Characterization of AmmTX3 activity in SNc dopaminergic neurons. A, AmmTX3 blocks I_A without modifying gating properties. Left, Voltage-clamp recordings of I_A (step to −40 mV from holding potentials of −40, −60, −70, and −80 mV shown beneath traces) obtained from the same neuron in control conditions (top, black traces) and in the presence of 100 nm AmmTX3 (bottom, gray traces). Right, Inactivation curves corresponding to the traces presented on the left. Note that AmmTX3 only reduces the amplitude of the current without modifying the inactivation properties. B, Dose–response curve of the effect of AmmTX3 on I_A amplitude in SNc dopaminergic neurons in acute brain slices. Numbers above the points indicate the number of cells used for the quantification of the effect of the toxin at different concentrations. C, 300–600 nm AmmTX3 blocks I_A but does not affect the delayed rectifier potassium current (n = 5) or I_H (n = 4). Top, Voltage-clamp recordings of I_A (left, step to −40 mV from a −100 mV prestep shown beneath traces) and the delayed rectifier potassium current (right, step to −10 mV from a −40 mV prestep shown beneath traces) from the same neuron in control (black traces) and in the presence of 300 nm AmmTX3 (gray traces). Bottom, Voltage-clamp recordings of I_A (left, step to −40 mV from a −100 mV prestep shown beneath traces) and I_H (right, step to −110 mV from a −60 mV prestep shown beneath traces) from the same neuron in control (black traces) and in the presence of 300 nm AmmTX3 (gray traces). Note that while I_A is almost completely abolished by toxin application, the potassium-delayed rectifier current and I_H are not affected. D, AmmTX3 has the expected effect of I_A blockers on spontaneous pacemaker activity. Top and Middle, Current-clamp recordings of spontaneous activity in a neuron in control condition (top) and in the presence of 300 nm AmmTX3 (middle). Bottom, Scatter plot showing the significant increase in spontaneous frequency induced by 300 nm AmmTX3 in nine SNc dopaminergic neurons. Dashed lines indicate −60 mV (current-clamp) or 0 pA (voltage-clamp). **p < 0.01. Calibration: A, 2 nA, 100 ms; C, Top right and left, 2 nA, 200 ms; C, Bottom left, 1 nA, 100 ms; C, Bottom right, 250 pA, 500 ms; D, 20 mV, 2.5 s.

Figure 3.

Effects of specific blockers of I_A and I_H on rebound properties. A, Rebound response induced by a 1 s hyperpolarizing pulse (−84.0 mV at the end of the pulse) in control (top trace), in the presence of 300 nm AmmTX3 (middle trace), and in the presence of AmmTX3 + 3 μm ZD7288 (bottom trace).

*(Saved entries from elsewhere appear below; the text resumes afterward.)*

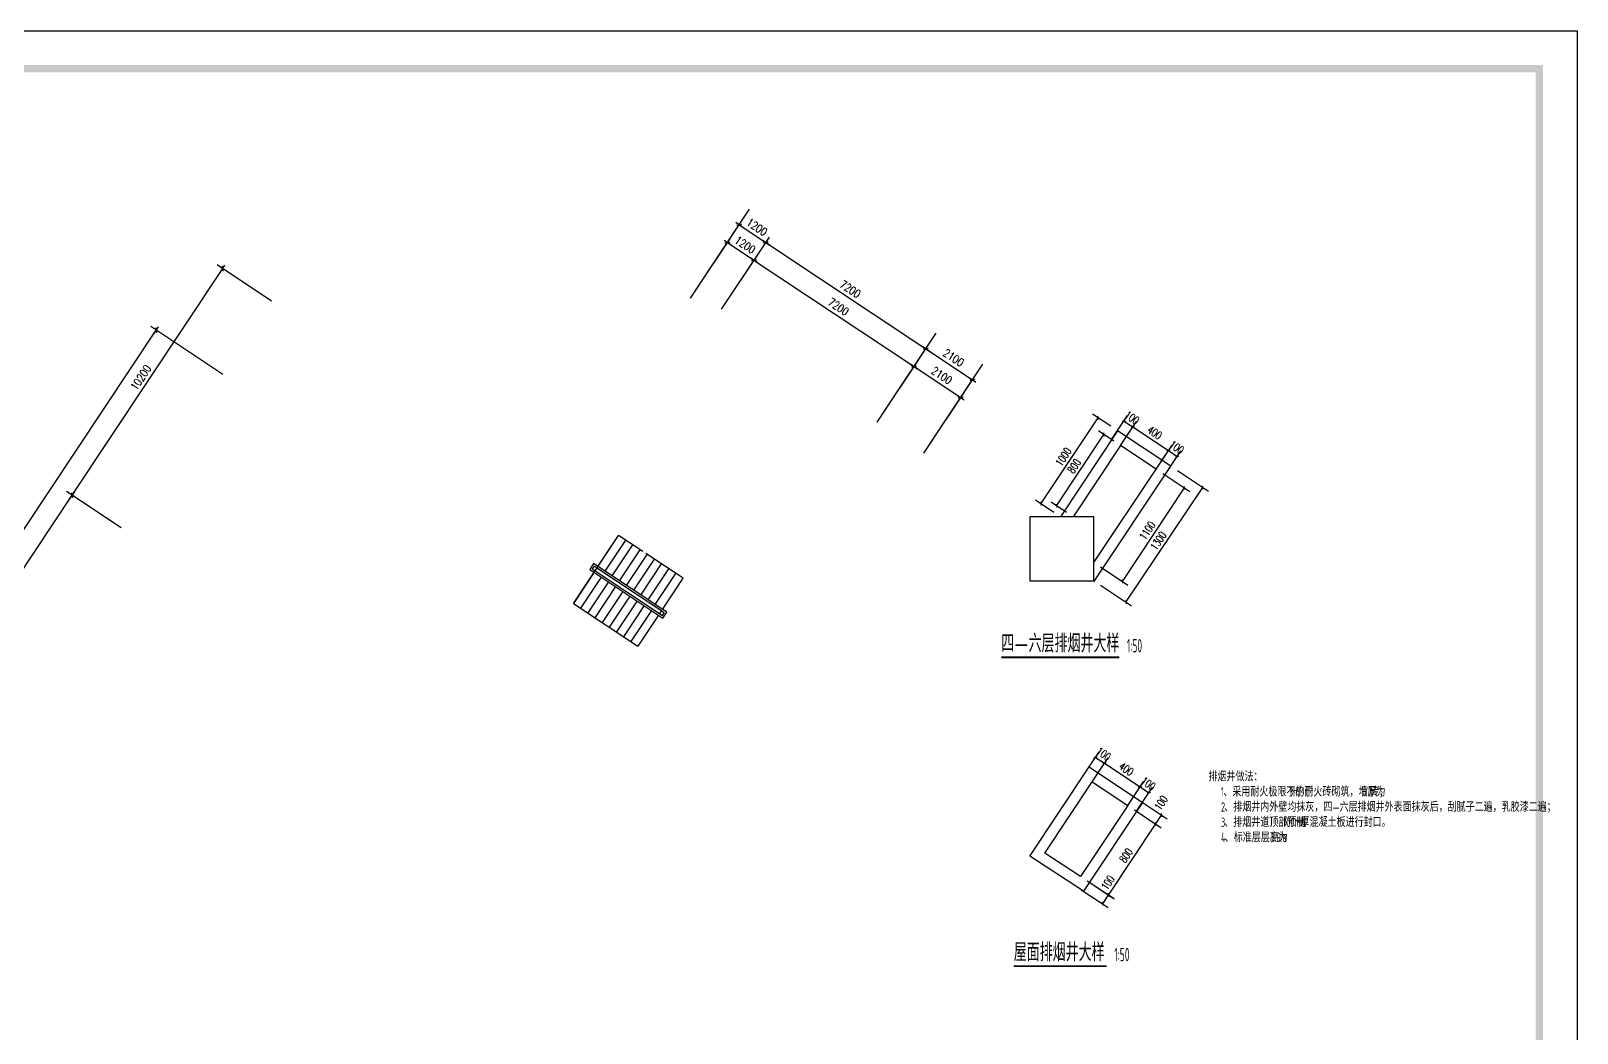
# Model space of a CAD drawing. Extents: x -149393 to 1177518, y -366685 to 296590.
# Drawn here: x 1087627 to 1145576, y 259020 to 296590 of the extents above; entities that cross this region are included whole.
import ezdxf

# ---------------------------------------------------------------- set-up
doc = ezdxf.new("R2010")
doc.units = 0
doc.header["$LTSCALE"] = 1000
doc.header["$MEASUREMENT"] = 0
doc.layers.get('0').update_dxf_attribs({"linetype": 'CONTINUOUS'})
doc.layers.get('Defpoints').update_dxf_attribs({"linetype": 'CONTINUOUS'})
for name, color, linetype in [('AXIS', 3, 'CONTINUOUS'), ('COLUMN', 9, 'CONTINUOUS'), ('DIM_SYMB', 3, 'CONTINUOUS'), ('PUB_TITLE', 253, 'CONTINUOUS'), ('STAIR', 2, 'CONTINUOUS'), ('TEL_SYMB', 3, 'CONTINUOUS'), ('TH_DIM', 3, 'CONTINUOUS'), ('TH_TEXT', 7, 'CONTINUOUS')]:
    doc.layers.add(name, color=color, linetype=linetype)
doc.styles.add('_TCH_DIM_T3', font='SIMPLEX', dxfattribs={"width": 0.705882, "bigfont": 'GBCBIG'})
doc.styles.add('_TCH_LABEL_T3', font='ROMANS.shx', dxfattribs={"width": 0.705882, "bigfont": 'HZTXT.shx'})
doc.styles.add('DIM_FONT', font='SIMPLEX.shx', dxfattribs={"width": 0.8})
doc.styles.get("Standard").update_dxf_attribs({"font": 'gbenor.shx', "bigfont": 'gbcbig.shx'})
doc.dimstyles.new('_TCH_ARCH&&100', dxfattribs={"dimtxt": 297.5, "dimasz": 100, "dimexe": 250, "dimexo": 300, "dimgap": 126.25, "dimtad": 1, "dimdec": 0, "dimzin": 0, "dimdsep": 46, "dimtxsty": '_TCH_DIM_T3', "dimblk": 'ARCHTICK', "dimcen": 0.09, "dimclrt": 7, "dimazin": 2, "dimtfac": 1, "dimtdec": 0, "dimtix": 1, "dimtmove": 2, "dimatfit": 3, "dimfxl": 1, "dimtolj": 1, "dimtzin": 0, "dimarcsym": 0})
doc.dimstyles.new('DIMN', dxfattribs={"dimtxt": 300, "dimasz": 1, "dimexe": 250, "dimexo": 300, "dimgap": 150, "dimtad": 1, "dimdec": 0, "dimdsep": 46, "dimtxsty": 'DIM_FONT', "dimblk": '_DIMX', "dimcen": 2.5, "dimclrt": 7, "dimadec": 0, "dimazin": 0, "dimtfac": 1, "dimtdec": 0, "dimtix": 1, "dimtmove": 2, "dimatfit": 3, "dimldrblk": '_DIMX', "dimfxl": 1, "dimtolj": 1, "dimarcsym": 0})

# ---------------------------------------------------------------- blocks, each defined once
blk = doc.blocks.new('_DIMX')
blk.add_line((-150, 0), (150, 0))
at = {"const_width": 50}
blk.add_lwpolyline([(-70, -70), (70, 70)], dxfattribs=at)
blk = doc.blocks.new('_ArchTick')
at = {"color": 0, "linetype": 'ByBlock', "const_width": 0.4}
blk.add_lwpolyline([(-0.5, -0.5), (0.5, 0.5)], dxfattribs=at)
blk = doc.blocks.new('*D476')
at = {"layer": 'Defpoints', "color": 0, "transparency": 16777216}
for p in [(1127626, 282086), (1128353, 281603), (1126209, 278375)]:
    blk.add_point(p, dxfattribs=at)
at = {"layer": 'TH_DIM', "color": 0, "lineweight": -2, "transparency": 16777216}
for p, q in [((1128103, 281769), (1127418, 282224)), ((1125482, 278859), (1127626, 282086)), ((1125959, 278542), (1125273, 278997))]:
    blk.add_line(p, q, dxfattribs=at)
at = {"layer": 'TH_DIM', "color": 0, "lineweight": -2, "transparency": 16777216, "xscale": 100, "yscale": 100, "zscale": 100}
for p, rotation in [((1127626, 282086), 56.39999999995469), ((1125482, 278859), 236.3999999999547)]:
    blk.add_blockref('_ArchTick', p, dxfattribs=dict(at, rotation=rotation))
at = {"layer": 'TH_DIM', "color": 7, "transparency": 16777216, "insert": (1126325, 280624), "char_height": 297.5, "attachment_point": 5, "rotation": 56.4, "style": '_TCH_DIM_T3'}
blk.add_mtext('\\A1;1000', dxfattribs=at)
blk = doc.blocks.new('*D477')
at = {"layer": 'Defpoints', "color": 0, "transparency": 16777216}
for p in [(1127845, 281460), (1128465, 281048), (1126689, 278375)]:
    blk.add_point(p, dxfattribs=at)
at = {"layer": 'TH_DIM', "color": 0, "lineweight": -2, "transparency": 16777216}
for p, q in [((1126069, 278787), (1127845, 281460)), ((1128215, 281214), (1127637, 281598)), ((1126439, 278542), (1125861, 278926))]:
    blk.add_line(p, q, dxfattribs=at)
at = {"layer": 'TH_DIM', "color": 0, "lineweight": -2, "transparency": 16777216, "xscale": 100, "yscale": 100, "zscale": 100}
for p, rotation in [((1127845, 281460), 56.3999999999469), ((1126069, 278787), 236.3999999999469)]:
    blk.add_blockref('_ArchTick', p, dxfattribs=dict(at, rotation=rotation))
at = {"layer": 'TH_DIM', "color": 7, "transparency": 16777216, "insert": (1126728, 280276), "char_height": 297.5, "attachment_point": 5, "rotation": 56.4, "style": '_TCH_DIM_T3'}
blk.add_mtext('\\A1;800', dxfattribs=at)
blk = doc.blocks.new('*D478')
at = {"layer": 'Defpoints', "color": 0, "transparency": 16777216}
for p in [(1130352, 280275), (1131551, 279471), (1127470, 275975)]:
    blk.add_point(p, dxfattribs=at)
at = {"layer": 'TH_DIM', "color": 0, "lineweight": -2, "transparency": 16777216}
for p, q in [((1130601, 280108), (1131758, 279332)), ((1128669, 275172), (1131551, 279471)), ((1127719, 275808), (1128876, 275033))]:
    blk.add_line(p, q, dxfattribs=at)
at = {"layer": 'TH_DIM', "color": 0, "lineweight": -2, "transparency": 16777216, "xscale": 100, "yscale": 100, "zscale": 100}
for p, rotation in [((1131551, 279471), 56.16377265739794), ((1128669, 275172), 236.1637726573979)]:
    blk.add_blockref('_ArchTick', p, dxfattribs=dict(at, rotation=rotation))
at = {"layer": 'TH_DIM', "color": 7, "transparency": 16777216, "insert": (1129881, 277474), "char_height": 297.5, "attachment_point": 5, "rotation": 56.16377, "style": '_TCH_DIM_T3'}
blk.add_mtext('\\A1;1300', dxfattribs=at)
blk = doc.blocks.new('*D479')
at = {"layer": 'Defpoints', "color": 0, "transparency": 16777216}
for p in [(1129797, 280163), (1130860, 279457), (1127470, 276660)]:
    blk.add_point(p, dxfattribs=at)
at = {"layer": 'TH_DIM', "color": 0, "lineweight": -2, "transparency": 16777216}
for p, q in [((1130047, 279997), (1131068, 279318)), ((1128533, 275954), (1130860, 279457)), ((1127720, 276494), (1128741, 275815))]:
    blk.add_line(p, q, dxfattribs=at)
at = {"layer": 'TH_DIM', "color": 0, "lineweight": -2, "transparency": 16777216, "xscale": 100, "yscale": 100, "zscale": 100}
for p, rotation in [((1130860, 279457), 56.40000000000357), ((1128533, 275954), 236.4000000000036)]:
    blk.add_blockref('_ArchTick', p, dxfattribs=dict(at, rotation=rotation))
at = {"layer": 'TH_DIM', "color": 7, "transparency": 16777216, "insert": (1129467, 277857), "char_height": 297.5, "attachment_point": 5, "rotation": 56.4, "style": '_TCH_DIM_T3'}
blk.add_mtext('\\A1;1100', dxfattribs=at)
blk = doc.blocks.new('*D480')
at = {"layer": 'Defpoints', "color": 0, "transparency": 16777216}
for p in [(1128465, 281048), (1130258, 280857), (1129797, 280163)]:
    blk.add_point(p, dxfattribs=at)
at = {"layer": 'TH_DIM', "color": 0, "lineweight": -2, "transparency": 16777216}
for p, q in [((1128631, 281298), (1129064, 281951)), ((1128926, 281742), (1130258, 280857)), ((1129963, 280413), (1130397, 281065))]:
    blk.add_line(p, q, dxfattribs=at)
at = {"layer": 'TH_DIM', "color": 0, "lineweight": -2, "transparency": 16777216, "xscale": 100, "yscale": 100, "zscale": 100}
for p, rotation in [((1128926, 281742), 146.4000000000018), ((1130258, 280857), 326.4000000000018)]:
    blk.add_blockref('_ArchTick', p, dxfattribs=dict(at, rotation=rotation))
at = {"layer": 'TH_DIM', "color": 7, "transparency": 16777216, "insert": (1129744, 281529), "char_height": 297.5, "attachment_point": 5, "rotation": 326.4, "style": '_TCH_DIM_T3'}
blk.add_mtext('\\A1;400', dxfattribs=at)
blk = doc.blocks.new('*D481')
at = {"layer": 'Defpoints', "color": 0, "transparency": 16777216}
for p in [(1128955, 267889), (1128734, 267556), (1130005, 267192)]:
    blk.add_point(p, dxfattribs=at)
at = {"layer": 'TH_DIM', "color": 0, "lineweight": -2, "transparency": 16777216}
for p, q in [((1128984, 267390), (1129992, 266720)), ((1129205, 267723), (1130213, 267053)), ((1129783, 266859), (1130005, 267192))]:
    blk.add_line(p, q, dxfattribs=at)
at = {"layer": 'TH_DIM', "color": 0, "lineweight": -2, "transparency": 16777216, "xscale": 100, "yscale": 100, "zscale": 100}
for p, rotation in [((1130005, 267192), 56.40000000001503), ((1129783, 266859), 236.400000000015)]:
    blk.add_blockref('_ArchTick', p, dxfattribs=dict(at, rotation=rotation))
at = {"layer": 'TH_DIM', "color": 7, "transparency": 16777216, "insert": (1129980, 267652), "char_height": 297.5, "attachment_point": 5, "rotation": 56.4, "style": '_TCH_DIM_T3'}
blk.add_mtext('\\A1;100', dxfattribs=at)
blk = doc.blocks.new('*D482')
at = {"layer": 'Defpoints', "color": 0, "transparency": 16777216}
for p in [(1126963, 264890), (1126744, 264556), (1128016, 264199)]:
    blk.add_point(p, dxfattribs=at)
at = {"layer": 'TH_DIM', "color": 0, "lineweight": -2, "transparency": 16777216}
for p, q in [((1126994, 264391), (1128006, 263727)), ((1127214, 264726), (1128225, 264062)), ((1127797, 263865), (1128016, 264199))]:
    blk.add_line(p, q, dxfattribs=at)
at = {"layer": 'TH_DIM', "color": 0, "lineweight": -2, "transparency": 16777216, "xscale": 100, "yscale": 100, "zscale": 100}
for p, rotation in [((1128016, 264199), 56.72038092762597), ((1127797, 263865), 236.720380927626)]:
    blk.add_blockref('_ArchTick', p, dxfattribs=dict(at, rotation=rotation))
at = {"layer": 'TH_DIM', "color": 7, "transparency": 16777216, "insert": (1127989, 264659), "char_height": 297.5, "attachment_point": 5, "rotation": 56.72038, "style": '_TCH_DIM_T3'}
blk.add_mtext('\\A1;100', dxfattribs=at)
blk = doc.blocks.new('*D483')
at = {"layer": 'Defpoints', "color": 0, "transparency": 16777216}
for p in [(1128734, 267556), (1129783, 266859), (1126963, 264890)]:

Bottom, Bar plot showing the average rebound delay values before and after the application of AmmTX3 and ZD7288. B, Rebound response induced by a 1 s hyperpolarizing pulse (−71.9 mV at the end of the pulse) in control (top trace), in the presence of 3 μm ZD7288 (middle trace), and in the presence of ZD7288 + 300 nm AmmTX3 (bottom trace). Bottom, Bar plot showing the average rebound delay before and after the application of AmmTX3 and ZD7288. C, Same experimental protocol as in A, but using short synaptic-like hyperpolarizations (−84.9 mV at the peak) to induce the rebound. Bottom, Bar plot showing the average rebound delay before and after AmmTX3 and ZD7288 application. D, Same experimental protocol as in B, but using short synaptic-like hyperpolarizations (−71.9 mV at the peak) to induce the rebound. Bottom, Bar plot showing the average rebound delay values before and after AmmTX3 and ZD7288 application. The gray traces in A–D represent the current stimulus. *p < 0.05, **p < 0.01, ***p < 0.001. Dashed lines in traces indicate −60 mV. Calibration: A–D, 20 mV, 500 ms.

Figure 4.

Variability and covariation of I_A and I_H biophysical properties. A, Top, Voltage-clamp recordings of I_H in two dopaminergic neurons in response to hyperpolarizing pulses at −80, −100, and −120 mV from a holding potential of −60 mV, followed by a pulse at −130 mV. Bottom, Voltage-clamp recordings of I_A in the same cells in response to a depolarizing pulse to −60, −50, and −40 mV from a holding potential of −100 mV. Dashed lines indicate 0 pA. B, Scatter plots showing the variability in amplitude of I_H maximum current recorded at −130 mV (left) and I_A recorded at −40 mV (right). Black and gray lines indicate the mean and SD, respectively. C, Scatter plots showing the variability in the voltage dependence of activation of I_H (left) and inactivation of I_A (right). Black and gray lines indicate the mean and SD, respectively. D, Left, I_H activation (dashed line) and I_A inactivation (solid line) curves corresponding to the cells presented in A. Right, Scatter plot showing the significant positive correlation between I_H activation and I_A inactivation V₅₀ values. In B–D, the black and gray circles correspond to the voltage-clamp recordings of the two neurons presented in A. E, Left, Scatter plot showing the relationships between the time after breaking into whole-cell configuration and I_A inactivation (small empty circles) or I_H activation (small gray circles) V₅₀ values for the cells presented in Figure 4D, right. Large circles represent the average values of I_A inactivation (black) and I_H activation (gray) V₅₀ values for each 5 min time window following break-in to whole-cell configuration (the n for each 5 min time window is indicated at the top and bottom of the plot). Note the lack of a significant correlation between I_A inactivation V₅₀ values and time following break-in, and the significant correlation between the time following break-in and I_H activation V₅₀ values (R, p, and n values are indicated on the plot). Right, Plot showing no change between the average I_A inactivation V₅₀ values in the same cells (n = 10) recorded immediately after obtaining whole-cell configuration (0–1 min) and again after 9–16 min. Calibration: A, Top, 500 pA, 2 s; Bottom, 4 nA, 200 ms. Error bars represent SD.

Figure 5.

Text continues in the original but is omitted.